In convex hexagon $ ABCDEF$ all sides have equal length and $ \angle A+\angle C+\angle E=\angle B+\angle D+\angle F$. Prove that the diagonals $ AD,BE,CF$ are concurrent.
Problem
Source: Polish Second Round 2004
Tags: geometry unsolved, geometry
Carlez Tevos
15.05.2008 17:47
Anybody? Any idea?
mr.danh
16.05.2008 12:44
Carlez Tevos wrote: In convex hexagon $ ABCDEF$ all sides have equal length and $ \angle A + \angle C + \angle E = \angle B + \angle D + \angle F$. Prove that the diagonals $ AD,BE,CF$ are concurrent. It isn't difficult to show that $ \angle A=\angle D, \angle B=\angle E,\angle C=\angle F$ This problem is related to the prolem which is referred in International Olympiad 2005, Mexico.
Carlez Tevos
16.05.2008 15:54
If it really isn't difficult to show, please show it.
mr.danh
16.05.2008 16:53
See the topic: http://www.mathlinks.ro/viewtopic.php?p=1129352#1129352 I hope you will find the solution soon.
Carlez Tevos
16.05.2008 17:30
mr.danh wrote: See the topic: http://www.mathlinks.ro/viewtopic.php?p=1129352#1129352 I hope you will find the solution soon.

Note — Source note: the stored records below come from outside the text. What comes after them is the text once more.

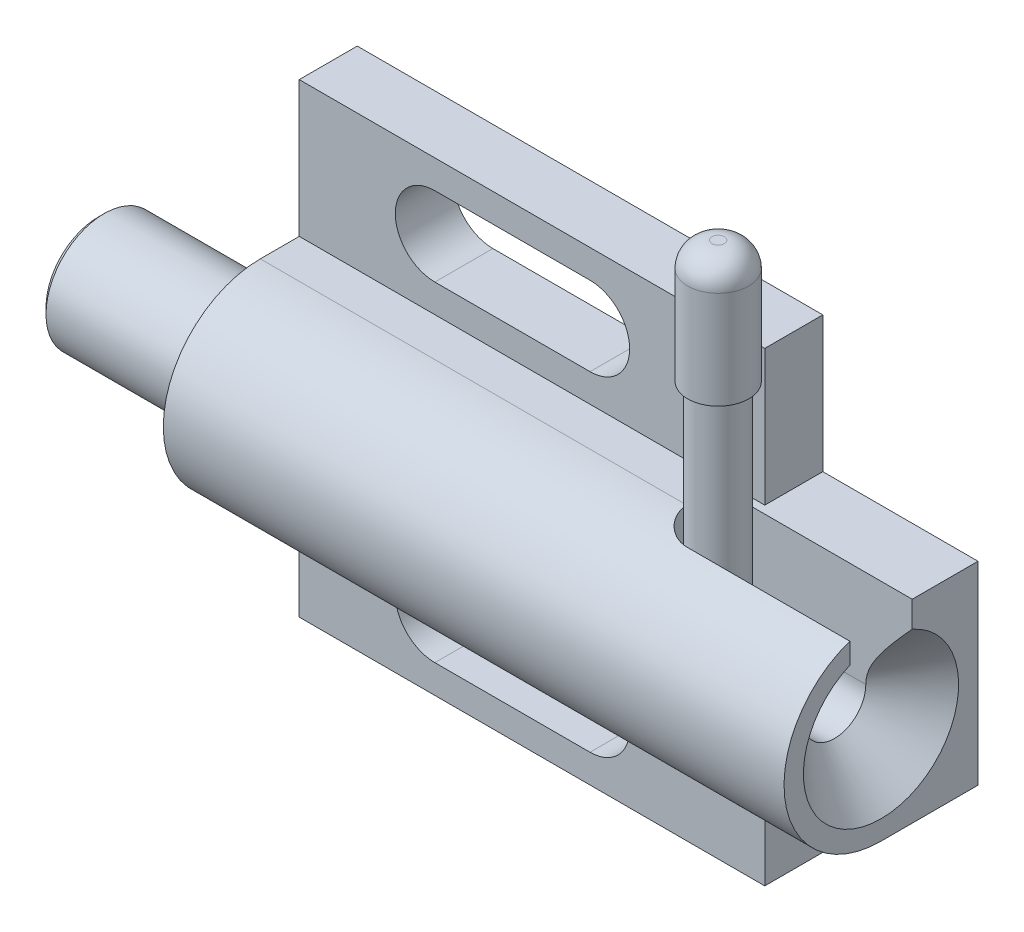
SolidWorks part; units mm, degrees
ref_plane "Front Plane" through (0, 0, 0) normal (0, 0, 1) x (1, 0, 0)
ref_plane "Top Plane" through (0, 0, 0) normal (0, 1, 0) x (1, 0, 0)
ref_plane "Right Plane" through (0, 0, 0) normal (1, 0, 0) x (0, 0, -1)
sketch "Sketch1" plane through (0, 0, 0) normal (1, 0, 0) x (0, 0, -1)
  line L0 (0, -19.05) -> (0, 19.05)
  line L3 (-4.7498, -19.05) -> (-4.7498, -7.9375)
  line L4 (-4.7498, 19.05) -> (0, 19.05)
  line L5 (0, -19.05) -> (-4.7498, -19.05)
  line L16 (-4.7498, 7.9375) -> (-4.7498, 19.05)
  line L17 (0, 0) -> (-15.875, 0) construction
  line L18 (-7.9375, 7.9375) -> (-4.7498, 7.9375)
  line L19 (-7.9375, -7.9375) -> (-4.7498, -7.9375)
  arc A10 (-7.9375, 7.9375) -> (-7.9375, -7.9375) centre (-7.9375, 0) ccw
  circle A12 centre (-7.9375, 0) radius 7.9375 construction
  dimension "D1" = 38.1
  dimension "D2" = 15.875
  dimension "D3" = 4.7498
ref_plane "Plane1" through (25.4, 0, 0) normal (1, 0, 0) x (0, 0, -1)
sketch "Sketch4" plane through (25.4, 0, 0) normal (1, 0, 0) x (0, 0, -1)
  line L7 (0, -19.05) -> (0, 19.05)
  line L8 (0, 19.05) -> (-4.7498, 19.05)
  line L9 (-4.7498, 19.05) -> (-4.7498, 7.9375)
  line L10 (-4.7498, 7.9375) -> (-7.9375, 7.9375)
  line L11 (-7.9375, -7.9375) -> (-4.7498, -7.9375)
  line L12 (-4.7498, -7.9375) -> (-4.7498, -19.05)
  line L13 (-4.7498, -19.05) -> (0, -19.05)
  line L14 (0, -19.05) -> (0, 19.05)
  line L15 (0, 19.05) -> (-4.7498, 19.05)
  line L16 (-4.7498, 19.05) -> (-4.7498, 7.9375)
  line L17 (-4.7498, 7.9375) -> (-7.9375, 7.9375)
  line L18 (-7.9375, -7.9375) -> (-4.7498, -7.9375)
  line L19 (-4.7498, -7.9375) -> (-4.7498, -19.05)
  line L20 (-4.7498, -19.05) -> (0, -19.05)
  arc A1 (-7.9375, 7.9375) -> (-7.9375, -7.9375) centre (-7.9375, 0) ccw
  arc A2 (-7.9375, 7.9375) -> (-7.9375, -7.9375) centre (-7.9375, 0) ccw
  dimension "D1" = 0
extrude "Boss-Extrude2" add sketch "Sketch4" along normal blind 50.8 separate body
sketch "Sketch5" plane through (76.2, 0, 0) normal (1, 0, 0) x (0, 0, -1)
  line L1 (0, 19.05) -> (-4.7498, 19.05)
  line L2 (0, 19.05) -> (0, 7.9375)
  line L3 (0, 7.9375) -> (-4.7498, 7.9375)
  line L4 (-4.7498, 19.05) -> (-4.7498, 7.9375)
  line L5 (0, -19.05) -> (-4.7498, -19.05)
  line L6 (0, -19.05) -> (0, -7.9375)
  line L7 (0, -7.9375) -> (-4.7498, -7.9375)
  line L8 (-4.7498, -19.05) -> (-4.7498, -7.9375)
extrude "Cut-Extrude3" cut sketch "Sketch5" against normal blind 12.7
sketch "Sketch6" plane through (0, 0, 0) normal (0, 1, 0) x (1, 0, 0)
  line L0 (25.4, -7.9375) -> (76.2, -7.9375) construction
  line L1 (76.2, -15.875) -> (76.2, -7.9375) construction
  line L2 (25.4, -7.9375) -> (25.4, -13.8397)
  line L3 (25.4, -7.9375) -> (25.4, -15.875) construction
  line L4 (25.4, -13.8397) -> (26.4, -12.8397)
  line L5 (26.4, -12.8397) -> (57.15, -12.8397)
  line L6 (57.15, -12.8397) -> (58.5617, -10.4902)
  line L7 (58.5617, -10.4902) -> (72.4027, -10.4902)
  line L8 (72.4027, -10.4902) -> (76.2, -14.2875)
  line L9 (76.2, -7.9375) -> (76.2, -14.2875)
  line L10 (25.4, -7.9375) -> (76.2, -7.9375)
  dimension "D1" = 12.7
  dimension "D2" = 5.1054
  dimension "D3" = 45
  dimension "D4" = 59
  dimension "D5" = 9.8044
  dimension "D6" = 1
  dimension "D7" = 45
  dimension "D8" = 31.75
revolve "Cut-Revolve2" cut sketch "Sketch6" angle 360 mid plane about L0
sketch "Sketch7" plane through (0, 0, 0) normal (0, 1, 0) x (1, 0, 0)
  line L0 (76.2, -7.9375) -> (60.3225, -7.9375) construction
  line L1 (62.8752, -10.4902) -> (76.2, -10.4902)
  line L2 (76.2, -7.9375) -> (76.2, -14.2875) construction
  line L3 (58.5617, -10.4902) -> (72.4027, -10.4902) construction
  line L4 (25.4, -7.9375) -> (76.2, -7.9375) construction
  line L5 (62.8752, -5.3848) -> (76.2, -5.3848)
  line L6 (76.2, -5.3848) -> (76.2, -10.4902)
  arc A0 (62.8752, -5.3848) -> (62.8752, -10.4902) centre (62.8752, -7.9375) ccw
  dimension "D1" = 15.8775
extrude "Cut-Extrude4" cut sketch "Sketch7" along normal up to next
sketch "Sketch8" plane through (0, 0, 0) normal (0, 0, 1) x (1, 0, 0)
  line L0 (36.4998, 13.4874) -> (49.1998, 13.4874) construction
  line L1 (36.4998, 16.7259) -> (49.1998, 16.7259)
  line L2 (36.4998, 10.2489) -> (49.1998, 10.2489)
  line L3 (25.4, 0) -> (76.2, 0) construction
  line L4 (76.2, -7.9375) -> (76.2, 7.9375) construction
  line L5 (36.4998, -13.4874) -> (49.1998, -13.4874) construction
  line L6 (36.4998, -16.7259) -> (49.1998, -16.7259)
  line L7 (36.4998, -10.2489) -> (49.1998, -10.2489)
  line L9 (63.5, 19.05) -> (63.5, 7.9375) construction
  arc A0 (36.4998, 16.7259) -> (36.4998, 10.2489) centre (36.4998, 13.4874) ccw
  arc A1 (49.1998, 10.2489) -> (49.1998, 16.7259) centre (49.1998, 13.4874) ccw
  arc A2 (36.4998, -16.7259) -> (36.4998, -10.2489) centre (36.4998, -13.4874) cw
  arc A3 (49.1998, -10.2489) -> (49.1998, -16.7259) centre (49.1998, -13.4874) cw
  point P2 (42.8498, 13.4874)
  point P14 (42.8498, -13.4874)
  dimension "D1" = 6.477
  dimension "D2" = 12.7
  dimension "D3" = 14.3002
  dimension "D4" = 26.9748
  dimension "D5" = 11.0998
extrude "Cut-Extrude5" cut sketch "Sketch8" along normal up to next
ref_plane "Plane2" through (0, 0, 7.9375) normal (0, 0, 1) x (1, 0, 0)
sketch "Sketch9" plane through (0, 0, 7.9375) normal (0, 0, 1) x (1, 0, 0)
  line L0 (12.1252, 0) -> (60.3752, 0) construction
  line L1 (62.8752, 2.5) -> (62.8752, 28) construction
  line L2 (60.8752, 28) -> (64.8752, 28) construction
  line L3 (12.1252, 0) -> (12.1252, 4.2625)
  line L4 (12.1252, 4.2625) -> (12.6252, 4.7625)
  line L5 (12.6252, 4.7625) -> (41.6252, 4.7625)
  line L6 (41.6252, 4.7625) -> (41.6252, 2)
  line L7 (41.6252, 2) -> (60.3752, 2)
  line L8 (60.3752, 2) -> (60.3752, 0)
  line L9 (41.6252, 2) -> (41.6252, -2) construction
  line L10 (12.1252, 0) -> (60.3752, 0)
  line L11 (25.4, 7.9375) -> (25.4, -7.9375) construction
  arc A0 (60.3752, 0) -> (62.8752, 2.5) centre (60.3752, 2.5) ccw construction
  point P3 (41.6252, 0)
  point P10 (62.8752, 0)
  dimension "D5" = 2.5
  dimension "D1" = 50.75
  dimension "D2" = 28
  dimension "D3" = 29.5
  dimension "D4" = 4
  dimension "D6" = 9.525
  dimension "D7" = 0.5
  dimension "D8" = 45
  dimension "D9" = 13.2748
revolve "Revolve1" add sketch "Sketch9" angle 360 mid plane about L10
sketch "Sketch11" plane through (0, 0, 7.9375) normal (0, 0, 1) x (1, 0, 0)
  line L0 (60.8752, 2.5) -> (60.8752, 18)
  line L1 (60.8752, 2.5) -> (62.8752, 2.5)
  line L2 (62.8752, 28) -> (62.3752, 28)
  line L3 (60.8752, 28) -> (64.8752, 28) construction
  line L4 (60.3752, 26) -> (60.3752, 18)
  line L5 (60.8752, 18) -> (60.3752, 18)
  line L6 (62.8752, 2.5) -> (62.8752, 28) construction
  line L7 (62.8752, 28) -> (62.8752, 2.5)
  arc A0 (62.3752, 28) -> (60.3752, 26) centre (62.3752, 26) ccw
  dimension "D3" = 2
  dimension "D1" = 5
  dimension "D2" = 10
revolve "Revolve2" add sketch "Sketch11" angle 360 mid plane about L6
sketch "Sketch12" plane through (60.3752, 0, 0) normal (1, 0, 0) x (0, 0, -1)
  circle A1 centre (-7.9375, 0) radius 2
  circle A2 centre (-7.9375, 0) radius 2
  dimension "D1" = 0
sketch "Sketch13" plane through (0, 0, 7.9375) normal (0, 0, 1) x (1, 0, 0)
  arc A0 (60.3752, 0) -> (62.8752, 2.5) centre (60.3752, 2.5) ccw construction
  arc A1 (60.3752, 0) -> (62.8752, 2.5) centre (60.3752, 2.5) ccw
sweep "Sweep1" add profiles "Sketch12" path "Sketch13"

It's a different problem! Please show my problem.
Vo Duc Dien
10.03.2012 23:08
Prove that ABCDEF is a quadrilateral with an inscribed circle. By definition, a tangential quadrilateral has its diagonals $ AB, BE, CF $ concurrent.
Vo Duc Dien
11.03.2012 03:54
Umm.. I guess it's not necessarily a tangential quadrilateral.. It was just a quick thought.
Math1331Math
09.06.2017 05:31
...........
InCtrl
11.01.2019 03:39
Consider the following isometry: translate the entire hexagon until $C$ is mapped to $C'=A$, then rotate about $C'=A$ until the image of $D$ coincides with $F$. Notice now that, since $\angle B+\angle D+\angle F=2\pi$, we have $\angle EFE'=2\pi -\angle AFE - \angle AFE'=2\pi-\angle AFE-\angle CDE=\angle ABC$. Thus, $EE'=AC$. Also, by construction, $AE'=CE$. Thus, $CAE'E$ is a parallelogram, so $\angle AE'E=\angle ACE.$ We now seek to prove that $\angle BCD=\angle AFE$, and analogously will follow $\angle B=\angle E, \angle D=\angle A$. In the following angle chase we use the fact that $\triangle ABC$ and $\triangle CDE$ are isosceles to establish $\angle BAC=\angle BCA$ and $\angle CED=\angle DCE$. We also know that the isometry preserves angles between corresponding sides, so $\angle AE'F=\angle C'E'D'=\angle CED$. Since $\triangle EFE'\cong \triangle CBA$, $\angle EFE'=\angle BAC$. Now notice that $F$ is the circumcenter of $AEE'$ since $FA=FE=DE=FE'$. Thus, $\angle AE'E=\frac{1}{2}\angle AFE=\angle AE'F+\angle FE'E=\angle CED+\angle BAC=\angle ECD+\angle BCA=\angle BCD-\angle ACE=\angle BCD-\angle AE'E\iff$ $$\angle AFE=2\angle AE'E=\angle BCD.$$ Thus, opposite pairs of angles are equal. From here, it is easy to show that opposite sides are parallel. Now, notice that since $AF=CD$, and from $\triangle BAC\cong \triangle EDC$ we must have $AC=FD$, $ACDF$ must be a parallelogram. It follows that the diagonals $AD,CF$ and $BE$ all bisect each other and are thus concurrent.